The semfindr package in R has made this approach available for SEM, CFA and path analysis with lavaan, too.
Identifying Influential Cases With the semfindr Package
First, we need to install the semfindr package (once) and load it (each session we want to use it).
#install.packages("semfindr")
library(semfindr)
Then we run our lavaan model, in this example a three-factor CFA.
library(lavaan)
head(HolzingerSwineford1939_influential_case_introduced, 5)
cfa_model <- '
visual =~ x1 + x2 + x3
language =~ x4 + x5 + x6
speed =~ x7 + x8 + x9
'
model_fit <- cfa(model = cfa_model,
data = HolzingerSwineford1939_influential_case_introduced,
std.lv = T)
summary(model_fit,
standardized = T)
standardizedsolution(model_fit, level=.95) # Confidence interval for beta
After that we can start identifying influential cases.
# INFLUENTIAL CASES
This starts with rerunning the lavaan model as many times as we have observations in our sample (= LOO approach).
# 0 Rerun this model (leaving one out - LOO)
fit_rerun <- lavaan_rerun(model_fit)
With a simple model and a small dataset that takes a couple of seconds. With a more complicated model and a larger dataset, however, this can take quite some time.
In that case it is helpful to use parallel processing. Most modern computers have more than one core. You can get this information somewhere in the system information of your computer (in the case of Windows you open the Task Manager, go to the Performance tab and check the specifications for CPU).
My computer has 4 cores; thus I use this code:
fit_rerun <- lavaan_rerun(model_fit,
parallel = T,
ncores = 4) # faster with parallel processing
There are different measures of parameter change. DFTHETAS is a standardized change measure, i.e. change standardized with the standard error of the parameter. Unfortunately, this measure is quite difficult to interpret. The results are ordered by the general Cook's distance.

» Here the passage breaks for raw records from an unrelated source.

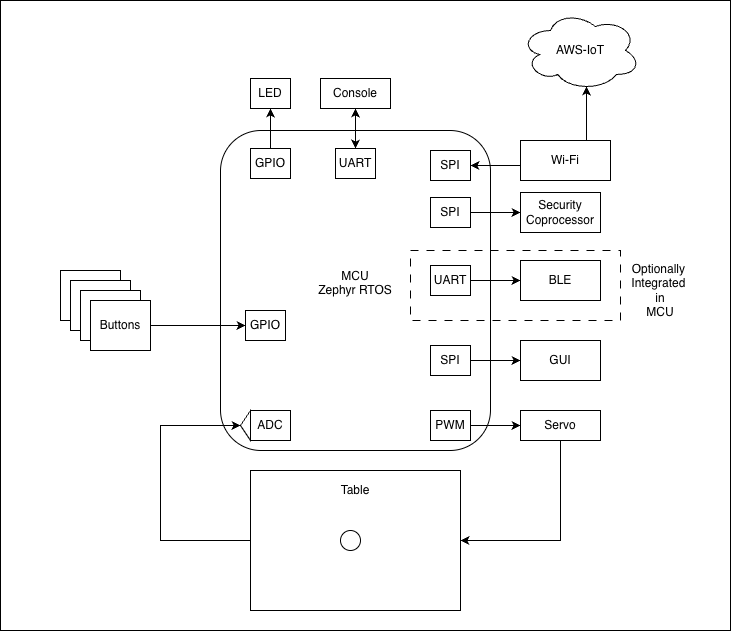

The diagram above was exported from draw.io. Its source (the exported page's mxGraphModel, read from the mxfile embedded in the PNG):
<mxGraphModel dx="1013" dy="660" grid="1" gridSize="10" guides="1" tooltips="1" connect="1" arrows="1" fold="1" page="1" pageScale="1" pageWidth="850" pageHeight="1100" math="0" shadow="0">
  <root>
    <mxCell id="0" />
    <mxCell id="1" parent="0" />
    <mxCell id="dYZjHWAVcxG1_9DPOuqA-41" value="" style="rounded=0;whiteSpace=wrap;html=1;" vertex="1" parent="1">
      <mxGeometry x="80" y="40" width="730" height="630" as="geometry" />
    </mxCell>
    <mxCell id="dYZjHWAVcxG1_9DPOuqA-20" value="Buttons" style="rounded=0;whiteSpace=wrap;html=1;" vertex="1" parent="1">
      <mxGeometry x="140" y="310" width="60" height="50" as="geometry" />
    </mxCell>
    <mxCell id="dYZjHWAVcxG1_9DPOuqA-1" value="MCU&lt;div&gt;Zephyr RTOS&lt;/div&gt;&lt;div&gt;&lt;br&gt;&lt;/div&gt;" style="rounded=1;whiteSpace=wrap;html=1;" vertex="1" parent="1">
      <mxGeometry x="300" y="170" width="270" height="320" as="geometry" />
    </mxCell>
    <mxCell id="dYZjHWAVcxG1_9DPOuqA-16" style="edgeStyle=orthogonalEdgeStyle;rounded=0;orthogonalLoop=1;jettySize=auto;html=1;exitX=1;exitY=0.5;exitDx=0;exitDy=0;startArrow=classic;startFill=1;entryX=0.55;entryY=0.95;entryDx=0;entryDy=0;entryPerimeter=0;" edge="1" parent="1" source="dYZjHWAVcxG1_9DPOuqA-19" target="dYZjHWAVcxG1_9DPOuqA-15">
      <mxGeometry relative="1" as="geometry" />
    </mxCell>
    <mxCell id="dYZjHWAVcxG1_9DPOuqA-4" value="LED" style="rounded=0;whiteSpace=wrap;html=1;" vertex="1" parent="1">
      <mxGeometry x="330" y="118" width="40" height="30" as="geometry" />
    </mxCell>
    <mxCell id="dYZjHWAVcxG1_9DPOuqA-5" value="Buttons" style="rounded=0;whiteSpace=wrap;html=1;" vertex="1" parent="1">
      <mxGeometry x="150" y="320" width="60" height="50" as="geometry" />
    </mxCell>
    <mxCell id="dYZjHWAVcxG1_9DPOuqA-6" value="" style="group" vertex="1" connectable="0" parent="1">
      <mxGeometry x="320" y="450" width="50" height="30" as="geometry" />
    </mxCell>
    <mxCell id="dYZjHWAVcxG1_9DPOuqA-2" value="ADC" style="rounded=0;whiteSpace=wrap;html=1;" vertex="1" parent="dYZjHWAVcxG1_9DPOuqA-6">
      <mxGeometry x="10" width="40" height="30" as="geometry" />
    </mxCell>
    <mxCell id="dYZjHWAVcxG1_9DPOuqA-3" value="" style="triangle;whiteSpace=wrap;html=1;rotation=-180;" vertex="1" parent="dYZjHWAVcxG1_9DPOuqA-6">
      <mxGeometry width="10" height="30" as="geometry" />
    </mxCell>
    <mxCell id="dYZjHWAVcxG1_9DPOuqA-7" value="GPIO" style="rounded=0;whiteSpace=wrap;html=1;" vertex="1" parent="1">
      <mxGeometry x="325" y="350" width="40" height="30" as="geometry" />
    </mxCell>
    <mxCell id="dYZjHWAVcxG1_9DPOuqA-14" style="edgeStyle=orthogonalEdgeStyle;rounded=0;orthogonalLoop=1;jettySize=auto;html=1;exitX=1;exitY=0.5;exitDx=0;exitDy=0;entryX=0;entryY=0.5;entryDx=0;entryDy=0;" edge="1" parent="1" source="dYZjHWAVcxG1_9DPOuqA-8" target="dYZjHWAVcxG1_9DPOuqA-9">
      <mxGeometry relative="1" as="geometry" />
    </mxCell>
    <mxCell id="dYZjHWAVcxG1_9DPOuqA-8" value="PWM" style="rounded=0;whiteSpace=wrap;html=1;" vertex="1" parent="1">
      <mxGeometry x="510" y="450" width="40" height="30" as="geometry" />
    </mxCell>
    <mxCell id="dYZjHWAVcxG1_9DPOuqA-13" style="edgeStyle=orthogonalEdgeStyle;rounded=0;orthogonalLoop=1;jettySize=auto;html=1;exitX=0.5;exitY=1;exitDx=0;exitDy=0;entryX=1;entryY=0.5;entryDx=0;entryDy=0;" edge="1" parent="1" source="dYZjHWAVcxG1_9DPOuqA-9" target="dYZjHWAVcxG1_9DPOuqA-10">
      <mxGeometry relative="1" as="geometry" />
    </mxCell>
    <mxCell id="dYZjHWAVcxG1_9DPOuqA-9" value="Servo" style="rounded=0;whiteSpace=wrap;html=1;" vertex="1" parent="1">
      <mxGeometry x="600" y="450" width="80" height="30" as="geometry" />
    </mxCell>
    <mxCell id="dYZjHWAVcxG1_9DPOuqA-12" style="edgeStyle=orthogonalEdgeStyle;rounded=0;orthogonalLoop=1;jettySize=auto;html=1;exitX=0;exitY=0.5;exitDx=0;exitDy=0;entryX=1;entryY=0.5;entryDx=0;entryDy=0;" edge="1" parent="1" source="dYZjHWAVcxG1_9DPOuqA-10" target="dYZjHWAVcxG1_9DPOuqA-3">
      <mxGeometry relative="1" as="geometry">
        <mxPoint x="310" y="440" as="targetPoint" />
        <Array as="points">
          <mxPoint x="240" y="580" />
          <mxPoint x="240" y="465" />
        </Array>
      </mxGeometry>
    </mxCell>
    <mxCell id="dYZjHWAVcxG1_9DPOuqA-10" value="Table&lt;div&gt;&lt;br&gt;&lt;/div&gt;&lt;div&gt;&lt;br&gt;&lt;/div&gt;&lt;div&gt;&lt;br&gt;&lt;/div&gt;&lt;div&gt;&lt;br&gt;&lt;/div&gt;&lt;div&gt;&lt;br&gt;&lt;/div&gt;&lt;div&gt;&lt;br&gt;&lt;/div&gt;&lt;div&gt;&lt;br&gt;&lt;/div&gt;" style="rounded=0;whiteSpace=wrap;html=1;" vertex="1" parent="1">
      <mxGeometry x="330" y="510" width="210" height="140" as="geometry" />
    </mxCell>
    <mxCell id="dYZjHWAVcxG1_9DPOuqA-11" value="" style="ellipse;whiteSpace=wrap;html=1;aspect=fixed;" vertex="1" parent="1">
      <mxGeometry x="420" y="570" width="20" height="20" as="geometry" />
    </mxCell>
    <mxCell id="dYZjHWAVcxG1_9DPOuqA-15" value="AWS-IoT" style="ellipse;shape=cloud;whiteSpace=wrap;html=1;" vertex="1" parent="1">
      <mxGeometry x="600" y="50" width="120" height="80" as="geometry" />
    </mxCell>
    <mxCell id="dYZjHWAVcxG1_9DPOuqA-17" value="Wi-Fi" style="rounded=0;whiteSpace=wrap;html=1;" vertex="1" parent="1">
      <mxGeometry x="600" y="180" width="90" height="40" as="geometry" />
    </mxCell>
    <mxCell id="dYZjHWAVcxG1_9DPOuqA-19" value="SPI" style="rounded=0;whiteSpace=wrap;html=1;" vertex="1" parent="1">
      <mxGeometry x="510" y="190" width="40" height="30" as="geometry" />
    </mxCell>
    <mxCell id="dYZjHWAVcxG1_9DPOuqA-21" value="Buttons" style="rounded=0;whiteSpace=wrap;html=1;" vertex="1" parent="1">
      <mxGeometry x="160" y="330" width="60" height="50" as="geometry" />
    </mxCell>
    <mxCell id="dYZjHWAVcxG1_9DPOuqA-26" style="edgeStyle=orthogonalEdgeStyle;rounded=0;orthogonalLoop=1;jettySize=auto;html=1;exitX=1;exitY=0.5;exitDx=0;exitDy=0;entryX=0;entryY=0.5;entryDx=0;entryDy=0;" edge="1" parent="1" source="dYZjHWAVcxG1_9DPOuqA-22" target="dYZjHWAVcxG1_9DPOuqA-7">
      <mxGeometry relative="1" as="geometry" />
    </mxCell>
    <mxCell id="dYZjHWAVcxG1_9DPOuqA-22" value="Buttons" style="rounded=0;whiteSpace=wrap;html=1;" vertex="1" parent="1">
      <mxGeometry x="170" y="340" width="60" height="50" as="geometry" />
    </mxCell>
    <mxCell id="dYZjHWAVcxG1_9DPOuqA-23" value="GUI" style="rounded=0;whiteSpace=wrap;html=1;" vertex="1" parent="1">
      <mxGeometry x="600" y="380" width="80" height="40" as="geometry" />
    </mxCell>
    <mxCell id="dYZjHWAVcxG1_9DPOuqA-25" style="edgeStyle=orthogonalEdgeStyle;rounded=0;orthogonalLoop=1;jettySize=auto;html=1;exitX=1;exitY=0.5;exitDx=0;exitDy=0;entryX=0;entryY=0.5;entryDx=0;entryDy=0;" edge="1" parent="1" source="dYZjHWAVcxG1_9DPOuqA-24" target="dYZjHWAVcxG1_9DPOuqA-23">
      <mxGeometry relative="1" as="geometry" />
    </mxCell>
    <mxCell id="dYZjHWAVcxG1_9DPOuqA-24" value="SPI" style="rounded=0;whiteSpace=wrap;html=1;" vertex="1" parent="1">
      <mxGeometry x="510" y="385" width="40" height="30" as="geometry" />
    </mxCell>
    <mxCell id="dYZjHWAVcxG1_9DPOuqA-28" style="edgeStyle=orthogonalEdgeStyle;rounded=0;orthogonalLoop=1;jettySize=auto;html=1;exitX=0.5;exitY=0;exitDx=0;exitDy=0;entryX=0.5;entryY=1;entryDx=0;entryDy=0;" edge="1" parent="1" source="dYZjHWAVcxG1_9DPOuqA-27" target="dYZjHWAVcxG1_9DPOuqA-4">
      <mxGeometry relative="1" as="geometry" />
    </mxCell>
    <mxCell id="dYZjHWAVcxG1_9DPOuqA-27" value="GPIO" style="rounded=0;whiteSpace=wrap;html=1;" vertex="1" parent="1">
      <mxGeometry x="330" y="188" width="40" height="30" as="geometry" />
    </mxCell>
    <mxCell id="dYZjHWAVcxG1_9DPOuqA-31" style="edgeStyle=orthogonalEdgeStyle;rounded=0;orthogonalLoop=1;jettySize=auto;html=1;exitX=0.5;exitY=0;exitDx=0;exitDy=0;entryX=0.5;entryY=1;entryDx=0;entryDy=0;startArrow=classic;startFill=1;" edge="1" parent="1" source="dYZjHWAVcxG1_9DPOuqA-29" target="dYZjHWAVcxG1_9DPOuqA-30">
      <mxGeometry relative="1" as="geometry" />
    </mxCell>
    <mxCell id="dYZjHWAVcxG1_9DPOuqA-29" value="UART" style="rounded=0;whiteSpace=wrap;html=1;" vertex="1" parent="1">
      <mxGeometry x="415" y="188" width="40" height="30" as="geometry" />
    </mxCell>
    <mxCell id="dYZjHWAVcxG1_9DPOuqA-30" value="Console" style="rounded=0;whiteSpace=wrap;html=1;" vertex="1" parent="1">
      <mxGeometry x="400" y="118" width="70" height="30" as="geometry" />
    </mxCell>
    <mxCell id="dYZjHWAVcxG1_9DPOuqA-32" value="Security Coprocessor" style="rounded=0;whiteSpace=wrap;html=1;" vertex="1" parent="1">
      <mxGeometry x="600" y="232" width="80" height="40" as="geometry" />
    </mxCell>
    <mxCell id="dYZjHWAVcxG1_9DPOuqA-33" style="edgeStyle=orthogonalEdgeStyle;rounded=0;orthogonalLoop=1;jettySize=auto;html=1;exitX=1;exitY=0.5;exitDx=0;exitDy=0;entryX=0;entryY=0.5;entryDx=0;entryDy=0;" edge="1" parent="1" source="dYZjHWAVcxG1_9DPOuqA-34" target="dYZjHWAVcxG1_9DPOuqA-32">
      <mxGeometry relative="1" as="geometry" />
    </mxCell>
    <mxCell id="dYZjHWAVcxG1_9DPOuqA-34" value="SPI" style="rounded=0;whiteSpace=wrap;html=1;" vertex="1" parent="1">
      <mxGeometry x="510" y="237" width="40" height="30" as="geometry" />
    </mxCell>
    <mxCell id="dYZjHWAVcxG1_9DPOuqA-36" value="BLE" style="rounded=0;whiteSpace=wrap;html=1;" vertex="1" parent="1">
      <mxGeometry x="600" y="300" width="80" height="40" as="geometry" />
    </mxCell>
    <mxCell id="dYZjHWAVcxG1_9DPOuqA-37" style="edgeStyle=orthogonalEdgeStyle;rounded=0;orthogonalLoop=1;jettySize=auto;html=1;exitX=1;exitY=0.5;exitDx=0;exitDy=0;entryX=0;entryY=0.5;entryDx=0;entryDy=0;" edge="1" parent="1" source="dYZjHWAVcxG1_9DPOuqA-38" target="dYZjHWAVcxG1_9DPOuqA-36">
      <mxGeometry relative="1" as="geometry" />
    </mxCell>
    <mxCell id="dYZjHWAVcxG1_9DPOuqA-38" value="UART" style="rounded=0;whiteSpace=wrap;html=1;" vertex="1" parent="1">
      <mxGeometry x="510" y="305" width="40" height="30" as="geometry" />
    </mxCell>
    <mxCell id="dYZjHWAVcxG1_9DPOuqA-39" value="" style="rounded=0;whiteSpace=wrap;html=1;fillColor=none;dashed=1;dashPattern=8 8;" vertex="1" parent="1">
      <mxGeometry x="490" y="290" width="210" height="70" as="geometry" />
    </mxCell>
    <mxCell id="dYZjHWAVcxG1_9DPOuqA-40" value="Optionally&amp;nbsp;&lt;div&gt;Integrated&amp;nbsp;&lt;/div&gt;&lt;div&gt;in&lt;/div&gt;&lt;div&gt;MCU&lt;/div&gt;" style="text;html=1;whiteSpace=wrap;strokeColor=none;fillColor=none;align=center;verticalAlign=middle;rounded=0;" vertex="1" parent="1">
      <mxGeometry x="710" y="315" width="60" height="30" as="geometry" />
    </mxCell>
  </root>
</mxGraphModel>

# 1 Standardized change (DFTHETAS)
change_est <- est_change(fit_rerun)
change_est
--- visual~~language visual~~speed language~~speed gcd 100 -1.130 0.531 -0.537 3.191 85 0.184 0.026 0.000 2.190 87 -0.897 0.079 -0.120 1.612 32 0.369 0.243 0.176 1.209 40 -0.181 0.203 0.352 1.119 1 0.131 -0.018 0.019 1.098 19 0.308 0.264 0.264 1.089 36 0.196 0.076 0.057 0.985 26 0.350 0.070 0.072 0.757 2 -0.031 0.058 -0.051 0.734
Easier to interpret is the raw parameter change of the standardized parameter estimates, DFZTHETA. This tells you how much the standardized parameter (beta) has been influenced by one observation.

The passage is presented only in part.